🤖 AI Summary
To address the challenges of high inter-class similarity, complex spatial structures, and scarcity of multi-label annotations in remote sensing imagery, this paper proposes the first unified framework integrating intra-modal and inter-modal contrastive learning. It innovatively incorporates multi-label supervision into multimodal contrastive learning by designing a novel multi-label supervised contrastive loss, enabling fine-grained semantic disentanglement and precise cross-modal alignment. The method jointly optimizes supervised contrastive learning, cross-modal alignment, and multi-label semantic modeling using optical and SAR imagery as dual inputs. Extensive experiments on BigEarthNet V2.0 and Sent12MS demonstrate significant improvements over both fully supervised and self-supervised baselines—particularly under low-label and high-category-overlap scenarios—achieving substantial gains in classification accuracy and clustering consistency.
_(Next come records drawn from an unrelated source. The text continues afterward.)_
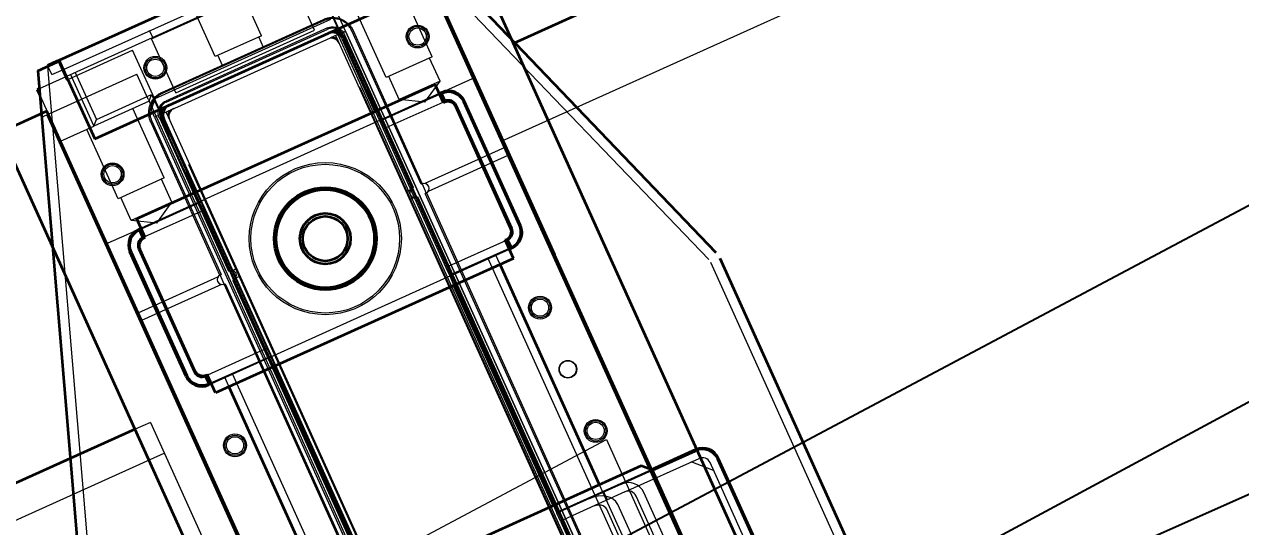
# Model space of a CAD drawing. Header units: millimetres. Extents: x -4562 to 17216, y -5211 to 6025.
# Drawn here: x 4918 to 5637, y 1009 to 1306 of the extents above; entities that cross this region are included whole.
import ezdxf
from ezdxf.lldxf.tags import DXFTag

# ---------------------------------------------------------------- set-up
doc = ezdxf.new("R2010")
doc.units = ezdxf.units.MM
for name, color, linetype in [('cl', 2, 'CENTER'), ('D', 6, 'HIDDEN'), ('pl', 6, 'PHANTOM')]:
    doc.layers.add(name, color=color, linetype=linetype)
doc.layers.add('Hidden Edges(ISO)', color=136, linetype='DASHED', lineweight=9)
doc.layers.add('Visible Edges(ISO)', color=7, linetype='Continuous', lineweight=35)
doc.styles.add('s', font='romans.shx', dxfattribs={"width": 0.75, "oblique": 10, "bigfont": 'whgtxt.shx'})
doc.styles.get("Standard").update_dxf_attribs({"font": 'txt.shx', "bigfont": 'whgtxt.shx'})
tags = doc.linetypes.add('CENTER', pattern=[50.8, 31.75, -6.35, 6.35, -6.35]).pattern_tags.tags
tags[10:11] = [DXFTag(74, 4), DXFTag(75, 0), DXFTag(340, '0'), DXFTag(46, 1.0), DXFTag(50, 0.0), DXFTag(44, 0.0), DXFTag(45, 0.0)]
tags[8:9] = [DXFTag(74, 4), DXFTag(75, 0), DXFTag(340, '0'), DXFTag(46, 1.0), DXFTag(50, 0.0), DXFTag(44, 0.0), DXFTag(45, 0.0)]
tags[6:7] = [DXFTag(74, 4), DXFTag(75, 0), DXFTag(340, '0'), DXFTag(46, 1.0), DXFTag(50, 0.0), DXFTag(44, 0.0), DXFTag(45, 0.0)]
tags[4:5] = [DXFTag(74, 4), DXFTag(75, 0), DXFTag(340, '0'), DXFTag(46, 1.0), DXFTag(50, 0.0), DXFTag(44, 0.0), DXFTag(45, 0.0)]
tags = doc.linetypes.add('DASHED', pattern=[0.75, 0.5, -0.25]).pattern_tags.tags
tags[6:7] = [DXFTag(74, 4), DXFTag(75, 0), DXFTag(340, '0'), DXFTag(46, 1.0), DXFTag(50, 0.0), DXFTag(44, 0.0), DXFTag(45, 0.0)]
tags[4:5] = [DXFTag(74, 4), DXFTag(75, 0), DXFTag(340, '0'), DXFTag(46, 1.0), DXFTag(50, 0.0), DXFTag(44, 0.0), DXFTag(45, 0.0)]
tags = doc.linetypes.add('HIDDEN', pattern=[3, 2, -1]).pattern_tags.tags
tags[6:7] = [DXFTag(74, 4), DXFTag(75, 0), DXFTag(340, '0'), DXFTag(46, 1.0), DXFTag(50, 0.0), DXFTag(44, 0.0), DXFTag(45, 0.0)]
tags[4:5] = [DXFTag(74, 4), DXFTag(75, 0), DXFTag(340, '0'), DXFTag(46, 1.0), DXFTag(50, 0.0), DXFTag(44, 0.0), DXFTag(45, 0.0)]
tags = doc.linetypes.add('PHANTOM', pattern=[17.5, 10, -1.5, 1.5, -1.5, 1.5, -1.5]).pattern_tags.tags
tags[14:15] = [DXFTag(74, 4), DXFTag(75, 0), DXFTag(340, '0'), DXFTag(46, 1.0), DXFTag(50, 0.0), DXFTag(44, 0.0), DXFTag(45, 0.0)]
tags[12:13] = [DXFTag(74, 4), DXFTag(75, 0), DXFTag(340, '0'), DXFTag(46, 1.0), DXFTag(50, 0.0), DXFTag(44, 0.0), DXFTag(45, 0.0)]
tags[10:11] = [DXFTag(74, 4), DXFTag(75, 0), DXFTag(340, '0'), DXFTag(46, 1.0), DXFTag(50, 0.0), DXFTag(44, 0.0), DXFTag(45, 0.0)]
tags[8:9] = [DXFTag(74, 4), DXFTag(75, 0), DXFTag(340, '0'), DXFTag(46, 1.0), DXFTag(50, 0.0), DXFTag(44, 0.0), DXFTag(45, 0.0)]
tags[6:7] = [DXFTag(74, 4), DXFTag(75, 0), DXFTag(340, '0'), DXFTag(46, 1.0), DXFTag(50, 0.0), DXFTag(44, 0.0), DXFTag(45, 0.0)]
tags[4:5] = [DXFTag(74, 4), DXFTag(75, 0), DXFTag(340, '0'), DXFTag(46, 1.0), DXFTag(50, 0.0), DXFTag(44, 0.0), DXFTag(45, 0.0)]
doc.dimstyles.new('AM_ISO$2', dxfattribs={"dimtxt": 3, "dimasz": 2.5, "dimexe": 1, "dimexo": 1, "dimgap": 1, "dimtad": 1, "dimdsep": 46, "dimtxsty": 's', "dimcen": 0, "dimclrd": 4, "dimclre": 4, "dimclrt": 3, "dimazin": 2, "dimtp": 0.1, "dimtm": 0.1, "dimtfac": 0.71, "dimtmove": 0, "dimatfit": 3, "dimfxl": 1, "dimlwd": 25, "dimlwe": 25, "dimarcsym": 0})
doc.dimstyles.new('ISO-25', dxfattribs={"dimscale": 30, "dimtxt": 2.5, "dimasz": 2.5, "dimexe": 1.25, "dimexo": 0.625, "dimtad": 1, "dimtoh": 1, "dimrnd": 0.005, "dimtxsty": 'Standard', "dimcen": 0, "dimazin": 2, "dimtfac": 1, "dimtmove": 0, "dimatfit": 3, "dimfxl": 1, "dimarcsym": 0})

# ---------------------------------------------------------------- blocks, each defined once
blk = doc.blocks.new('*D145')
at = {"color": 0, "lineweight": -2}
for p, q in [((12836.03, 4142.8), (13614.6, 2418.46)), ((13530.81, 2421.78), (4553.49, -1631.64)), ((3722, 27.66), (4500.56, -1696.68))]:
    blk.add_line(p, q, dxfattribs=at)
at = {"color": 0}
for points in [[(13525.67, 2433.17), (13535.95, 2410.38), (13599.17, 2452.64)], [(4548.34, -1620.25), (4558.63, -1643.03), (4485.13, -1662.5)]]:
    blk.add_solid(points, dxfattribs=at)
at = {"layer": 'Defpoints', "color": 0}
for p in [(12828.31, 4159.89), (3714.28, 44.75), (4485.13, -1662.5)]:
    blk.add_point(p, dxfattribs=at)
at = {"color": 0, "insert": (9019, 446.33), "char_height": 75, "attachment_point": 5, "rotation": 24.3}
blk.add_mtext('10000', dxfattribs=at)
blk = doc.blocks.new('*D146')
at = {"color": 0, "lineweight": -2}
for p, q in [((13099.51, 3496.46), (13750.9, 1735.52)), ((13667.55, 1744.67), (4429.51, -1672.59)), ((3720.78, 27.16), (4372.17, -1733.78))]:
    blk.add_line(p, q, dxfattribs=at)
at = {"color": 0}
for points in [[(13663.21, 1756.39), (13671.89, 1732.95), (13737.89, 1770.69)], [(4425.17, -1660.86), (4433.84, -1684.31), (4359.16, -1698.61)]]:
    blk.add_solid(points, dxfattribs=at)
at = {"layer": 'Defpoints', "color": 0}
for p in [(13093.01, 3514.04), (3714.28, 44.75), (4359.16, -1698.61)]:
    blk.add_point(p, dxfattribs=at)
at = {"color": 0, "insert": (9026.84, 94.66), "char_height": 75, "attachment_point": 5, "rotation": 20.3}
blk.add_mtext('9999,83', dxfattribs=at)
blk = doc.blocks.new('*D147')
at = {"color": 0, "lineweight": -2}
for p, q in [((12510.01, 4802.05), (11851.35, 6025.31)), ((3130.55, 1287.05), (11803.1, 5956.74)), ((3705.39, 61.25), (3046.73, 1284.51))]:
    blk.add_line(p, q, dxfattribs=at)
at = {"color": 0}
for points in [[(11797.17, 5967.74), (11809.02, 5945.73), (11869.13, 5992.29)], [(3124.62, 1298.06), (3136.47, 1276.05), (3064.51, 1251.49)]]:
    blk.add_solid(points, dxfattribs=at)
at = {"layer": 'Defpoints', "color": 0}
for p in [(11869.13, 5992.29), (12518.9, 4785.54), (3714.28, 44.75)]:
    blk.add_point(p, dxfattribs=at)
at = {"color": 0, "insert": (7437.19, 3676.92), "char_height": 75, "attachment_point": 5, "rotation": 28.3}
blk.add_mtext('9999,83', dxfattribs=at)
blk = doc.blocks.new('*D153')
at = {"layer": 'D', "color": 4, "lineweight": 25}
blk.add_line((13177.46, 3545.28), (13817.51, 3782.05), dxfattribs=at)
blk.add_arc((3714.28, 44.75), 10737.31, 20.766913, 23.833087, dxfattribs=at)
at = {"layer": 'D', "color": 4}
for points in [[(13522.67, 4377.46), (13549.3, 4389.36), (13500.3, 4463.3)], [(13767.65, 3856.96), (13740.34, 3846.73), (13784.69, 3769.9)]]:
    blk.add_solid(points, dxfattribs=at)
at = {"layer": 'Defpoints', "color": 0}
for p in [(14488.24, 4909.38), (13695.28, 4003.22), (13144.63, 3533.14), (603.05, -1106.13), (-1447.72, -2285.99)]:
    blk.add_point(p, dxfattribs=at)
at = {"layer": 'D', "color": 3, "insert": (13729.5, 4152.29), "char_height": 105, "attachment_point": 5, "rotation": 292.3, "style": 's'}
blk.add_mtext('4°', dxfattribs=at)
blk = doc.blocks.new('*D154')
at = {"layer": 'D', "color": 4, "lineweight": 25}
blk.add_line((12597.98, 4828.13), (13199.26, 5151.88), dxfattribs=at)
blk.add_arc((3714.28, 44.75), 10737.55, 24.766903, 27.833097, dxfattribs=at)
at = {"layer": 'D', "color": 4}
for points in [[(13196.75, 5051.22), (13222.49, 5064.94), (13168.45, 5135.29)], [(13477.45, 4549.06), (13450.92, 4536.95), (13500.52, 4463.4)]]:
    blk.add_solid(points, dxfattribs=at)
at = {"layer": 'Defpoints', "color": 0}
for p in [(14488.24, 4909.38), (12567.16, 4811.53), (13395.05, 4689.92), (-1447.72, -2285.99), (-1128.19, -2562.65)]:
    blk.add_point(p, dxfattribs=at)
at = {"layer": 'D', "color": 3, "insert": (13418.79, 4841.01), "char_height": 105, "attachment_point": 5, "rotation": 296.3, "style": 's'}
blk.add_mtext('4°', dxfattribs=at)
blk = doc.blocks.new('A$C1A464BB4')
at = {"layer": 'Hidden Edges(ISO)', "ltscale": 7.111162}
blk.add_line((500, 1059), (0, 1059), dxfattribs=at)
at = {"layer": 'Visible Edges(ISO)'}
for p, q in [((0, 0), (0, 1168)), ((0, 1168), (0, 0)), ((30, 0), (30, 1168)), ((470, 1109), (30, 1109))]:
    blk.add_line(p, q, dxfattribs=at)
blk = doc.blocks.new('A$C424A0E04')
blk.add_line((328.5, 999.5), (328.5, 1198.5))
at = {"layer": 'Hidden Edges(ISO)', "ltscale": 7.553934}
for p, q in [((100.71, 1224.5), (6.84, 959.44)), ((316.29, 1224.5), (410.16, 959.44))]:
    blk.add_line(p, q, dxfattribs=at)
at = {"layer": 'Hidden Edges(ISO)', "ltscale": 0.523438}
blk.add_line((101, 1219), (101, 1224.5), dxfattribs=at)
at = {"layer": 'Hidden Edges(ISO)', "ltscale": 3.807451}
for p, q in [((193.5, 1189), (193.5, 1229)), ((223.5, 1189), (223.5, 1229))]:
    blk.add_line(p, q, dxfattribs=at)
at = {"layer": 'Hidden Edges(ISO)', "ltscale": 0.897033}
blk.add_line((101, 1219), (107, 1219), dxfattribs=at)
at = {"layer": 'Hidden Edges(ISO)', "ltscale": 0.095089}
for p, q in [((107, 1219), (108, 1219)), ((147, 1171), (146, 1171))]:
    blk.add_line(p, q, dxfattribs=at)
at = {"layer": 'Hidden Edges(ISO)', "ltscale": 6.907986}
for p, q in [((108.5, 1219), (308.5, 1219)), ((308.5, 1214.5), (108.5, 1214.5))]:
    blk.add_line(p, q, dxfattribs=at)
at = {"layer": 'Hidden Edges(ISO)', "ltscale": 0.475844}
for p, q in [((164.5, 1214), (164.5, 1219)), ((146, 1171), (146, 1176)), ((150.5, 1109), (150.5, 1114)), ((266.5, 1114), (266.5, 1109)), ((150.5, 1014), (150.5, 1019)), ((266.5, 1019), (266.5, 1014)), ((266.5, 864.5), (266.5, 859.5)), ((266.5, 854.5), (266.5, 859.5)), ((297, 854.5), (297, 859.5))]:
    blk.add_line(p, q, dxfattribs=at)
at = {"layer": 'Hidden Edges(ISO)', "ltscale": 7.208997}
for p, q in [((89.5, 1210.83), (89.5, 18.17)), ((327.5, 18.17), (327.5, 1210.83))]:
    blk.add_line(p, q, dxfattribs=at)
at = {"layer": 'Hidden Edges(ISO)', "ltscale": 1.637125}
blk.add_line((108, 1214.5), (90.8, 1214.5), dxfattribs=at)
at = {"layer": 'Hidden Edges(ISO)', "ltscale": 3.997829}
blk.add_line((108.5, 1212.5), (150.5, 1212.5), dxfattribs=at)
at = {"layer": 'Hidden Edges(ISO)', "ltscale": 3.188724}
blk.add_line((111.1, 1214.5), (111.1, 1181), dxfattribs=at)
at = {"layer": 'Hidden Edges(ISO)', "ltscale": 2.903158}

These results validate the framework’s strong generalization capability and superior semantic representation power.
📝 Abstract
Contrastive learning (CL) has emerged as a powerful paradigm for learning transferable representations without the reliance on large labeled datasets. Its ability to capture intrinsic similarities and differences among data samples has led to state-of-the-art results in computer vision tasks. These strengths make CL particularly well-suited for Earth System Observation (ESO), where diverse satellite modalities such as optical and SAR imagery offer naturally aligned views of the same geospatial regions. However, ESO presents unique challenges, including high inter-class similarity, scene clutter, and ambiguous boundaries, which complicate representation learning -- especially in low-label, multi-label settings. Existing CL frameworks often focus on intra-modality self-supervision or lack mechanisms for multi-label alignment and semantic precision across modalities. In this work, we introduce MoSAiC, a unified framework that jointly optimizes intra- and inter-modality contrastive learning with a multi-label supervised contrastive loss. Designed specifically for multi-modal satellite imagery, MoSAiC enables finer semantic disentanglement and more robust representation learning across spectrally similar and spatially complex classes. Experiments on two benchmark datasets, BigEarthNet V2.0 and Sent12MS, show that MoSAiC consistently outperforms both fully supervised and self-supervised baselines in terms of accuracy, cluster coherence, and generalization in low-label and high-class-overlap scenarios.